# What would you do?



## Lynna (Jun 7, 2015)

My T1 13 year old daughter has been offered foreign residential trip with the school next year. She is keen to go, although it would be a massive step for her- not just because of her diabetes, but is coeliac and suffers from anxiety. She has been on a residential trip once before in this country and they were on the phone at least twice a day with lows highs and everything in between! 
If it was your kid, what would you do?
(I have to admit I am terrified!)

Lynn


----------



## HOBIE (Jun 7, 2015)

Hi Lynna. Kids whoed ev em ! As a parent you need to be thick skinned at times. I really don't know how my parents put up with me. Out on windsurfer/catamaran/ jetski for hours. Been around the Bass Rock on a Ski (6 miles out). Been out on catamaran the weekend Mr Fish said it was not going to be windy   I know its hard but they have to grow up.  Good luck


----------



## Sally71 (Jun 7, 2015)

My instinct would be that you have to let them grow up and also I don't want my daughter to think that diabetes is going to stop her from doing things.  I dread my daughter going away anywhere, I worry myself sick while she's away but of course she has a fab time.  She's only just turned 9 though and we haven't had to deal with foreign school trips yet so I can understand your worry!
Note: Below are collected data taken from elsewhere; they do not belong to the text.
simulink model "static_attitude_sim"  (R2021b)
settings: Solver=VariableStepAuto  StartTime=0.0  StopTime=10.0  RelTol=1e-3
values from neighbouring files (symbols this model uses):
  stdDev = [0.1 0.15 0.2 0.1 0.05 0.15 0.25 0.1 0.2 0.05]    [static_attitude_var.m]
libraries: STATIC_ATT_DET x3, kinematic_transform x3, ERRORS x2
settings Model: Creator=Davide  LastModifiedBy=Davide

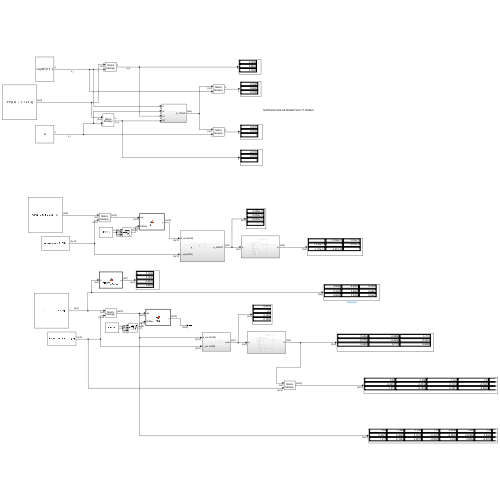
[thumbnail: Simulink's stored preview of the top-level diagram]
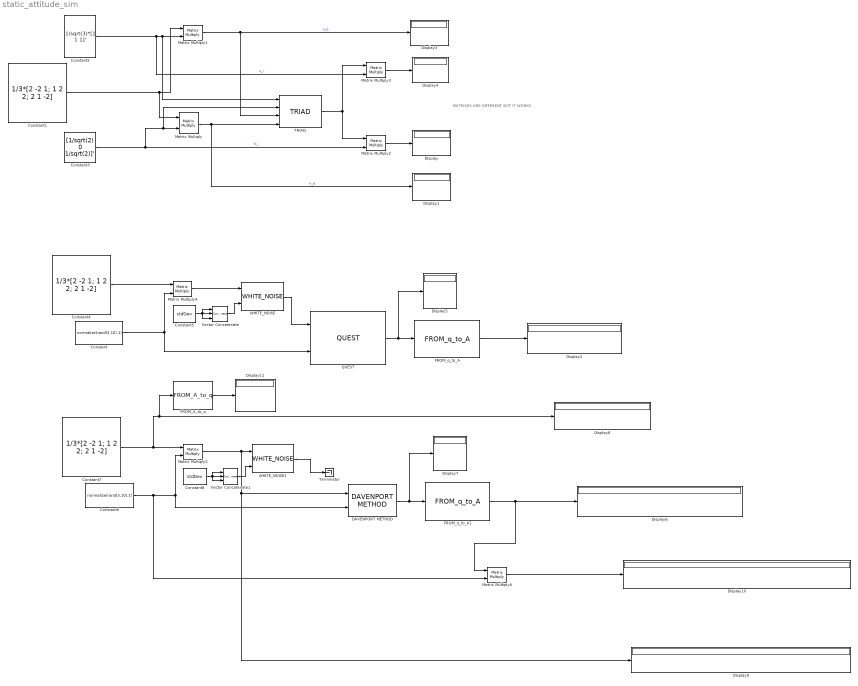
== system static_attitude_sim ==
  note: MATRIXES ARE DIFFERENT BUT IT WORKS
  Constant : Constant  Value=normalize(rand(3,10),1)
  Constant1 : Constant  Value=1/3*[2 -2 1; 1 2 2; 2 1 -2]
  Constant2 : Constant  Value=1/sqrt(3)*[1 1 1]'
  Constant3 : Constant  Value=[1/sqrt(2) 0 1/sqrt(2)]'
  Constant4 : Constant  Value=1/3*[2 -2 1; 1 2 2; 2 1 -2]
  Constant5 : Constant  Value=stdDev  VectorParams1D=off
  Constant6 : Constant  Value=normalize(rand(3,10),1)
  Constant7 : Constant  Value=1/3*[2 -2 1; 1 2 2; 2 1 -2]
  Constant8 : Constant  Value=stdDev  VectorParams1D=off
  DAVENPORT METHOD : STATIC_ATT_DET/DAVENPORT METHOD  SystemSampleTime=-1  VariantActivationTime=update diagram  Latency=0  AutoFrameSizeCalculation=off
      settings: SourceProductName=Attitude Determination (static)
  Display{,1..11} (12 alike) : Display
  FROM_A_to_q : kinematic_transform/FROM_A_to_q  SystemSampleTime=-1  VariantActivationTime=update diagram  Latency=0  AutoFrameSizeCalculation=off
      settings: SourceProductName=Kinematic Transformation
  FROM_q_to_A : kinematic_transform/FROM_q_to_A  SystemSampleTime=-1  VariantActivationTime=update diagram  Latency=0  AutoFrameSizeCalculation=off
      settings: SourceProductName=Kinematic Transformation
  FROM_q_to_A1 : kinematic_transform/FROM_q_to_A  SystemSampleTime=-1  VariantActivationTime=update diagram  Latency=0  AutoFrameSizeCalculation=off
      settings: SourceProductName=Kinematic Transformation
  Matrix Multiply{,1..6} (7 alike) : Product  Multiplication=Matrix(*)
  QUEST : STATIC_ATT_DET/QUEST  SystemSampleTime=-1  VariantActivationTime=update diagram  Latency=0  AutoFrameSizeCalculation=off
      settings: SourceProductName=Attitude Determination (static)
  TRIAD : STATIC_ATT_DET/TRIAD  SystemSampleTime=-1  VariantActivationTime=update diagram  Latency=0  AutoFrameSizeCalculation=off
      settings: SourceProductName=Attitude Determination (static)
  Terminator : Terminator
  Vector Concatenate : Concatenate  NumInputs=3  Mode=Multidimensional array
  Vector Concatenate1 : Concatenate  NumInputs=3  Mode=Multidimensional array
  WHITE_NOISE : ERRORS/WHITE_NOISE  SystemSampleTime=-1  VariantActivationTime=update diagram  Latency=0  AutoFrameSizeCalculation=off
      settings: SourceProductName=Errors
  WHITE_NOISE1 : ERRORS/WHITE_NOISE  SystemSampleTime=-1  VariantActivationTime=update diagram  Latency=0  AutoFrameSizeCalculation=off
      settings: SourceProductName=Errors
  wires:
  Matrix Multiply3/1 -> Display4/1
  Matrix Multiply2/1 -> Display/1
  TRIAD/1 -> Matrix Multiply3/1, Matrix Multiply2/1
  Matrix Multiply1/1 -> TRIAD/3, Display3/1  "s_b"
  Constant1/1 -> Matrix Multiply/1, Matrix Multiply1/1
  Constant2/1 -> TRIAD/1, Matrix Multiply1/2, Matrix Multiply3/2  "s_i"
  Matrix Multiply/1 -> TRIAD/4, Display1/1  "h_b"
  Constant3/1 -> Matrix Multiply2/2, TRIAD/2, Matrix Multiply/2  "h_i"
  Constant/1 -> Matrix Multiply4/2, QUEST/2
  Constant4/1 -> Matrix Multiply4/1
  Matrix Multiply4/1 -> WHITE_NOISE/1
  QUEST/1 -> Display5/1, FROM_q_to_A/1
  FROM_q_to_A/1 -> Display2/1
  Constant5/1 -> Vector Concatenate/3, Vector Concatenate/2, Vector Concatenate/1
  WHITE_NOISE/1 -> QUEST/1
  Vector Concatenate/1 -> WHITE_NOISE/2
  WHITE_NOISE1/1 -> Terminator/1
  Constant8/1 -> Vector Concatenate1/3, Vector Concatenate1/2, Vector Concatenate1/1
  Vector Concatenate1/1 -> WHITE_NOISE1/2
  DAVENPORT METHOD/1 -> Display7/1, FROM_q_to_A1/1
  FROM_q_to_A1/1 -> Matrix Multiply6/1, Display6/1
  Constant6/1 -> Matrix Multiply6/2, DAVENPORT METHOD/2, Matrix Multiply5/2
  Constant7/1 -> FROM_A_to_q/1, Display8/1, Matrix Multiply5/1
  Matrix Multiply5/1 -> DAVENPORT METHOD/1, Display9/1, WHITE_NOISE1/1
  Matrix Multiply6/1 -> Display10/1
  FROM_A_to_q/1 -> Display11/1

How does your daughter manage her medical conditions normally?  If she's getting fairly good at it then you probably don't have much to worry about; just make sure you go through everything with the staff who will be going with her, and make sure she takes plenty of supplies (at least double what you would expect her to use).

Hope you can work out a plan and that she has a fab time!


----------



## Lynna (Jun 7, 2015)

Thanks all. I don't want to hold her back and if it was just the diabetes, I don't think I would be so concerned. She is quite shy and anxious so I worry that she wouldn't speak up when things are not going well. 
If she wants to go, she will but I know I will be on stand by with my bag packed ready to jump on the next plane. I may even look in to holidays at the same time (same place lol!).


----------



## KookyCat (Jun 8, 2015)

Could you talk to her Lynna, about how she'll handle it, a sort of bargain if you see what I mean.  Tell her gently that you want her to go and enjoy herself but you'd like to know that she's confident enough to let people help?  So between now and next year you want her to try some things she's concerned about now (going into a shop on her own or managing her diabetes at a birthday party, or whatever would be appropriate).  Some baby steps really but in the direction of a bit more confidence.  I was a very shy child and that approach helped me.  It might also help her transition into more confident self care.  Of course the hard part is finding situations she can handle that don't make her feel more anxious or set her up for failure.  Does she have a sensible friend who could be back up?  My youngest nephew is his friends diabetes buddy and his friend is his asthma buddy, it works very well, nephew is very confident and his friend a little shy so together they cover the bases.  Friend carries spare inhaler, nephew spare meter and strips and jelly beans.  It's really very sweet but most importantly they both get a confidence boost knowing the other one is there for backup.  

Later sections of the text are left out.